Cultures interface 3D Engineered neuronales à des micro-électrodes tableaux: Une innovante In Vitro Modèle expérimental

L’objectif global de cette procédure est de présenter un nouveau modèle de réseaux neuronaux tridimensionnels in vitro couplés à des réseaux de microélectrodes. Ceci est accompli en conditionnant d’abord la partie centrale du MEA avec une solution mixte de poly de lysine et de laminine, puis en enrobant les microbilles avec des protéines d’adhésion, de la laminine et de la polylysine. La deuxième étape consiste à répartir la suspension des microbilles traitées sur une plaque multipuits où elles s’auto-assembleront et formeront une couche uniforme.

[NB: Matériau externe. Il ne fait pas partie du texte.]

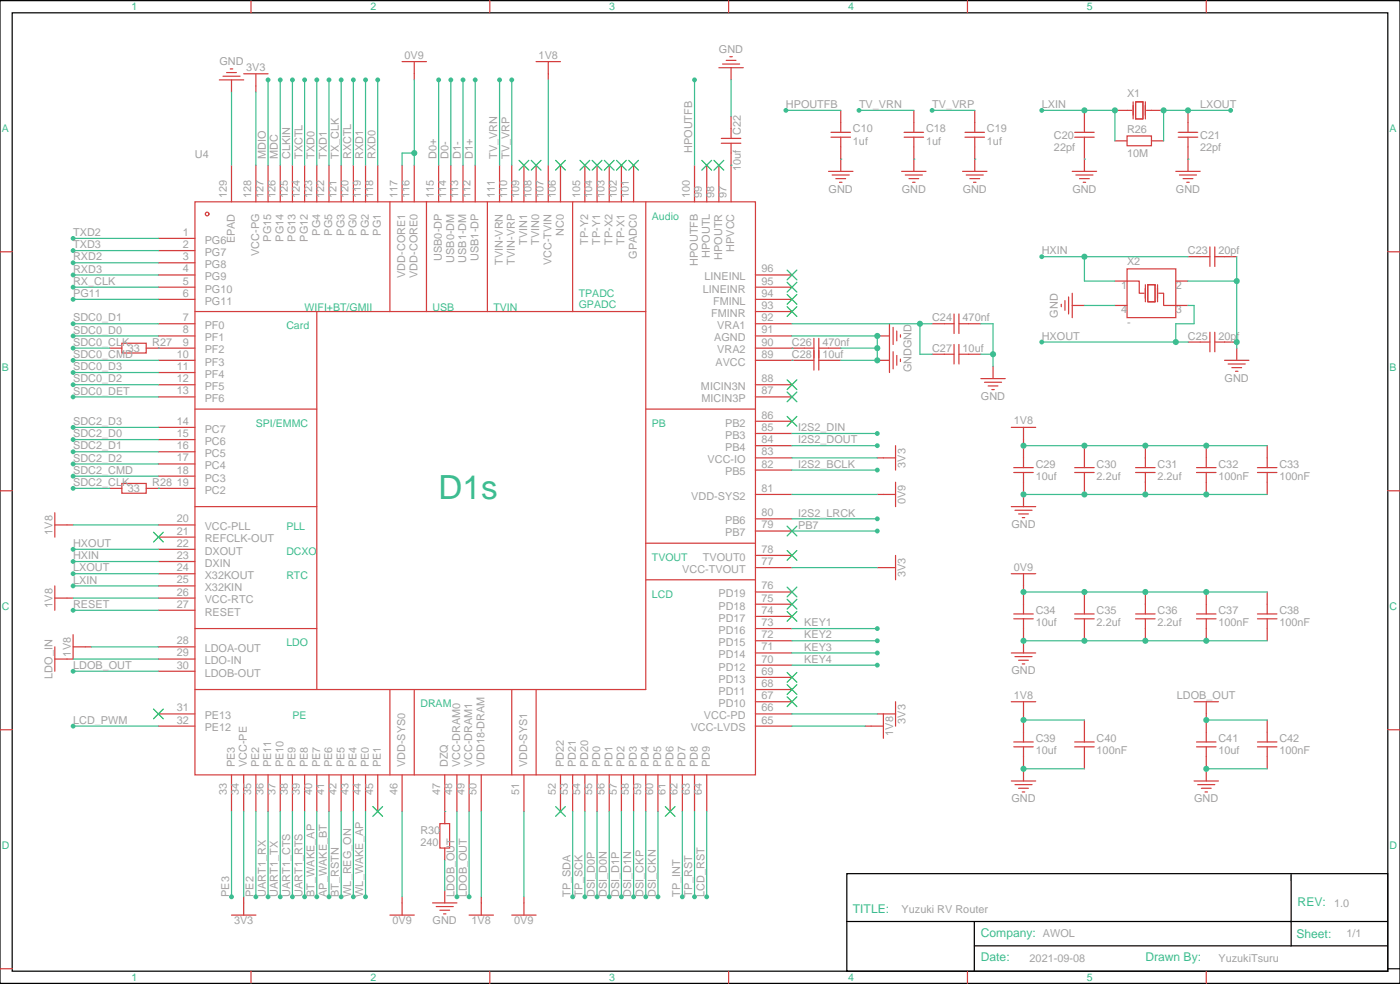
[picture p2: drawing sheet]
<svg xmlns="http://www.w3.org/2000/svg" width="405mm" height="285mm" viewBox="0 0 405 285" stroke-linecap="round" stroke-linejoin="round" font-family="sans-serif">
<g fill="none" stroke="#d43d3d" stroke-width=".35">
<path d="M66.7 19.9h.7M72.7 .2v3.5M116.4 17.8h7.1M119.9 17.8v5.3M141.8 .2v3.5M155.2 17.8h7.1M158.7 17.8v5.3M208.1 19.6h7.1M209.2 18.5h4.9M210.3 17.5h2.8M211 .2v3.5M211.3 16.4h.7"/>
<path d="M211.7 19.6v3.5M280.1 .2v3.5M349.2 .2v3.5M63.5 23.1h7.1M64.6 22.1h4.9M65.6 21h2.8M67 23.1v3.5M70.6 21.4h7M74.1 21.4v5.2M211.7 33.7v6.3M240.6 38.3h5.6M240.6 39.7h5.6"/>
<path d="M243.4 31.9v6.4M243.4 39.7v9.9M261.8 38.3h5.6M261.8 39.7h5.6M264.6 31.9v6.4M264.6 39.7v9.9M279.4 38.3h5.6M279.4 39.7h5.6M282.2 31.9v6.4M282.2 39.7v9.9M311.1 38.3h5.7M311.1 39.7h5.7"/>
<path d="M314 31.9v6.4M314 39.7v9.9M322.8 31.9h4.9M326.3 39.3h7.1v2.9h-7.1zM328.1 29.5v4.9M328.8 29.5h2.1v4.9h-2.1zM331.6 29.5v4.9M332 31.9h4.9M341.1 38.3h5.7M341.1 39.7h5.7M344 31.9v6.4M344 39.7v9.9"/>
<path d="M56.4 58.4h162.3v165.8h-162.3zM67 47.8v10.6M74.1 47.8v10.6M77.6 47.8v10.6M81.1 47.8v10.6M84.7 47.8v10.6M88.2 47.8v10.6M91.7 47.8v10.6M95.2 47.8v10.6M98.8 47.8v10.6M102.3 47.8v10.6M105.8 47.8v10.6"/>
<path d="M109.4 47.8v10.6M112.9 58.4v31.7M116.4 47.8v10.6M119.9 47.8v10.6M123.5 58.4v31.7M127 47.8v10.6M130.5 47.8v10.6M134.1 47.8v10.6M137.6 47.8v10.6M141.1 58.4v31.7M144.6 47.8v10.6M148.2 47.8v10.6"/>
<path d="M151.7 47.8v10.6M155.2 47.8v10.6M158.7 47.8v10.6M162.3 47.8v10.6M165.8 58.4v31.7M169.3 47.8v10.6M172.9 47.8v10.6M176.4 47.8v10.6M179.9 47.8v10.6M183.4 47.8v10.6M187 58.4v141.1h-130.6M201.1 47.8v10.6"/>
<path d="M204.6 47.8v10.6M208.1 47.8v10.6M208.8 40h5.7M208.8 41.5h5.7M211.7 41.5v16.9M239.9 49.6h7M240.9 50.6h5M242 51.7h2.8M243.1 52.7h.7M261.1 49.6h7M262.1 50.6h5M263.2 51.7h2.8"/>
<path d="M264.2 52.7h.7M278.7 49.6h7.1M279.8 50.6h4.9M280.8 51.7h2.8M281.9 52.7h.7M310.4 49.6h7.1M311.5 50.6h4.9M312.6 51.7h2.8M313.6 52.7h.7M322.8 40.8h3.5M333.4 40.8h3.5M340.4 49.6h7.1"/>
<path d="M341.5 50.6h4.9M342.5 51.7h2.9M343.6 52.7h.7M0 72.9h3.5M45.9 69h10.5M45.9 72.5h10.5M45.9 76h10.5M45.9 79.6h10.5M218.7 79.6h10.6M326.3 77.8h14.1v14.1h-14.1zM344 74.3h6.3M350.3 71.4v5.7"/>
<path d="M351.7 74.3h6.4M351.7 71.4v5.7M401.8 72.9h3.5M35.3 99.3h7v2.8h-7zM45.9 97.2h10.5M45.9 93.7h10.5M45.9 83.1h10.5M45.9 86.6h10.5M56.4 90.1h130.6M91.7 90.1v109.4M218.7 97.2h10.6M218.7 93.7h10.6"/>
<path d="M218.7 90.1h10.6M218.7 83.1h10.6M218.7 86.6h10.6M235.7 97.9v9.2M237.1 97.9v9.2M254 97.2h3.5M257.5 93.7v14.1M258.6 94.7v5M259.6 95.8v2.8M260.7 96.8v.8M269.9 93.7h6.3M276.2 90.8v5.7"/>
<path d="M276.2 99.7v5.6M277.6 93.7h6.4M277.6 90.8v5.7M277.6 99.7v5.6M307.3 88v.7M308.3 87v2.8M309.4 85.9v4.9M310.4 88.4h3.6M310.4 84.9v7M322.8 81.3h7v3.6h1.5M322.8 88.4h3.5M331.6 82.4v4.9"/>
<path d="M332.3 82.4h2.1v4.9h-2.1zM335.1 82.4v4.9M335.5 84.9h1.4v3.5h7.1M340.4 81.3h3.6M344 99h6.3M350.3 96.1v5.7M351.7 96.1v5.7M351.7 99h6.4M31.7 100.7h3.6M42.3 100.7h14.1M45.9 104.3h10.5M45.9 107.8h10.5"/>
<path d="M45.9 111.3h10.5M45.9 114.8h10.5M56.4 118.4h35.3M187 118.4h31.7M218.7 100.7h17M218.7 104.3h17M218.7 111.3h10.6M218.7 114.8h10.6M237.1 100.7h6.3M237.1 104.3h6.3M254 104.3h3.5M258.6 101.8v4.9"/>
<path d="M259.6 102.8v2.9M260.7 103.9v.7M269.9 102.5h6.3M277.6 102.5h6.4M284 109.5h7M285 110.6h5M286.1 111.7h2.8M287.2 112.7h.7M287.5 106v3.5M354.5 104.3h7.1M355.6 105.3h4.9M356.7 106.4h2.8"/>
<path d="M357.7 107.4h.7M358.1 100.7v3.6M35.3 139.9h7v2.8h-7zM45.9 123.7h10.5M45.9 127.2h10.5M45.9 130.7h10.5M45.9 134.2h10.5M45.9 137.8h10.5M218.7 132.5h10.6M218.7 121.9h10.6M218.7 125.4h10.6M218.7 128.9h10.6"/>
<path d="M218.7 136h10.6M254 132.5h5.3M259.3 128.9v7.1M259.3 139.5v7.1M292.8 123.7h7.1M293.5 135.3h5.7M293.5 136.7h5.7M296.3 123.7v11.6M296.3 136.7v9.9M311.1 135.3h5.7M311.1 136.7h5.7M314 128.9v6.4"/>
<path d="M314 136.7v6.4M328.8 135.3h5.6M328.8 136.7h5.6M331.6 128.9v6.4M331.6 136.7v6.4M346.4 135.3h5.7M346.4 136.7h5.7M349.2 128.9v6.4M349.2 136.7v6.4M364.1 135.3h5.6M364.1 136.7h5.6M366.9 128.9v6.4"/>
<path d="M366.9 136.7v6.4M0 142h3.5M15.9 148.4v7M15.9 151.9h5.3M31.7 141.3h3.6M42.3 141.3h14.1M45.9 151.9h10.5M45.9 155.4h10.5M45.9 158.9h10.5M56.4 146.6h35.3M187 157.2h31.7M218.7 143.1h10.6"/>
<path d="M218.7 150.1h10.6M218.7 153.6h10.6M254 143.1h5.3M292.8 146.6h7.1M293.9 147.6h4.9M294.9 148.7h2.8M296 149.8h.7M401.8 142h3.5M15.9 169.5v7.1M15.9 173h5.3M45.9 173h10.5M45.9 166h10.5"/>
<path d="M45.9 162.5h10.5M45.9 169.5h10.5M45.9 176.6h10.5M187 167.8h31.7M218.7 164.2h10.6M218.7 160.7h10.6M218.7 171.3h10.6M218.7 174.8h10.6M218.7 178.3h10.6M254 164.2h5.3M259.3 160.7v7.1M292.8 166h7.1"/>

La troisième étape de la procédure consiste à plaquer les cellules sur la zone active du MEA à une densité de 2000 cellules par millimètre carré pour créer des réseaux neuronaux 2D. Six à huit heures après le placage, la suspension est transférée des plaques multipuits au MEA et les microbilles sont autorisées à s’auto-assembler dans une structure compacte hexagonale. En fin de compte, la microscopie confocale est utilisée pour visualiser les réseaux 3D, qui sont comparés aux réseaux neuronaux 2D conventionnels développés sur MEA.